## The task
Across the whole listing, return each line exactly, with no images included.

## Exercise inputs

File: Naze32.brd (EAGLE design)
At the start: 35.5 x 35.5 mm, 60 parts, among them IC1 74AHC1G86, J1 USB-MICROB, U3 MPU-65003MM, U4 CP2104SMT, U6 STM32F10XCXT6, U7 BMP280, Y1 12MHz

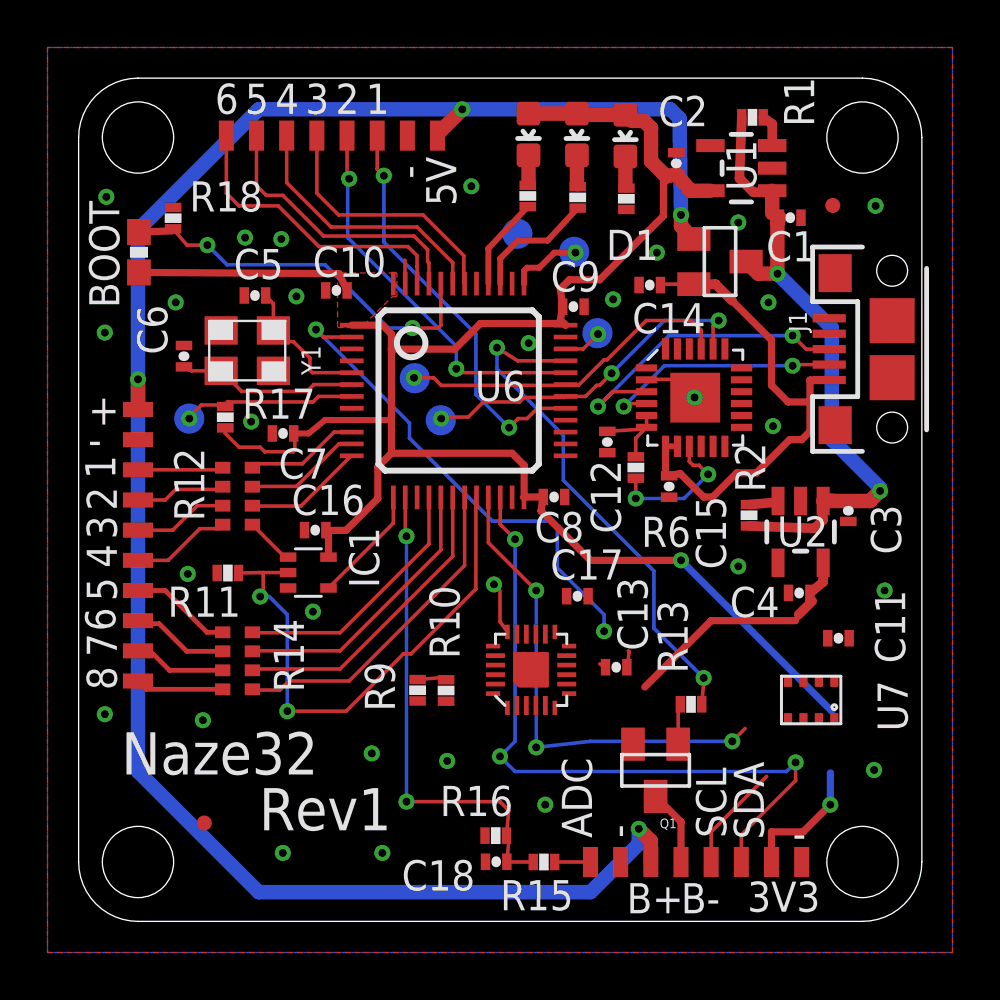
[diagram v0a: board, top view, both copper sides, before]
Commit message: Uploaded complete Naze routing
Uploaded a downrev'd version previously. Updated to the compete version.
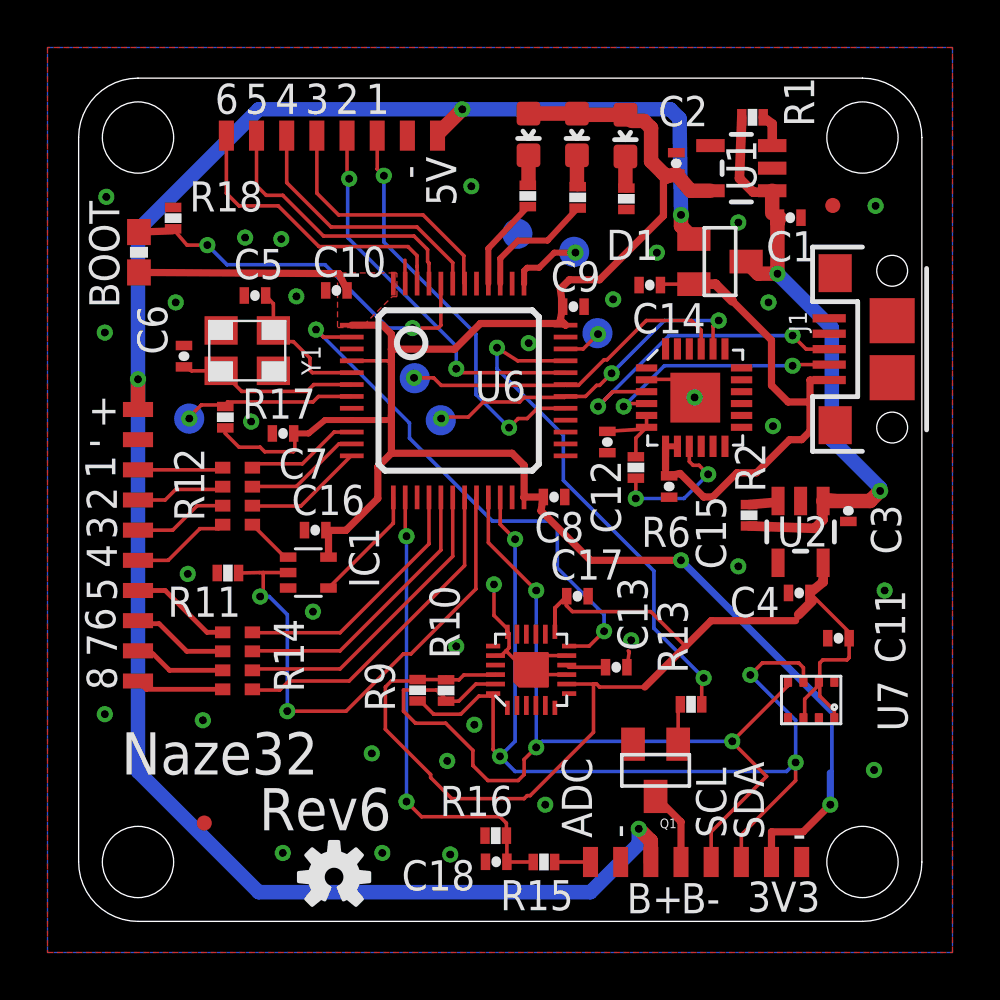
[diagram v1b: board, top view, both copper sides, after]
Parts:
- added U$1: (no value), SparkFun-Aesthetics:OSHW-LOGO-S
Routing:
- net VCC_SEN: track 11.8 -> 52.6 mm
- net SCL: track 25.0 -> 43.3 mm
- net SDA: track 29.4 -> 43.5 mm, vias 3 -> 4
- net GND: track 6.00 -> 12.6 mm, vias 29 -> 33
- net VCC: track 87.4 -> 91.7 mm
- net MPU_INT: track 20.8 -> 22.5 mm
- net N$15: track 0.28 -> 1.67 mm
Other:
- board text added: "Rev6"
- board text removed: "Rev1"

## Answer space
File: Naze32.brd (EAGLE design)
At the start: 35.5 x 35.5 mm, 60 parts, among them IC1 74AHC1G86, J1 USB-MICROB, U3 MPU-65003MM, U4 CP2104SMT, U6 STM32F10XCXT6, U7 BMP280, Y1 12MHz

[diagram v0a: board, top view, both copper sides, before]
Commit message: Uploaded complete Naze routing
Uploaded a downrev'd version previously. Updated to the compete version.
[diagram v1b: board, top view, both copper sides, after]
Parts:
- added U$1: (no value), SparkFun-Aesthetics:OSHW-LOGO-S
Routing:
- net VCC_SEN: track 11.8 -> 52.6 mm
- net SCL: track 25.0 -> 43.3 mm
- net SDA: track 29.4 -> 43.5 mm, vias 3 -> 4
- net GND: track 6.00 -> 12.6 mm, vias 29 -> 33
- net VCC: track 87.4 -> 91.7 mm
- net MPU_INT: track 20.8 -> 22.5 mm
- net N$15: track 0.28 -> 1.67 mm
Other:
- board text added: "Rev6"
- board text removed: "Rev1"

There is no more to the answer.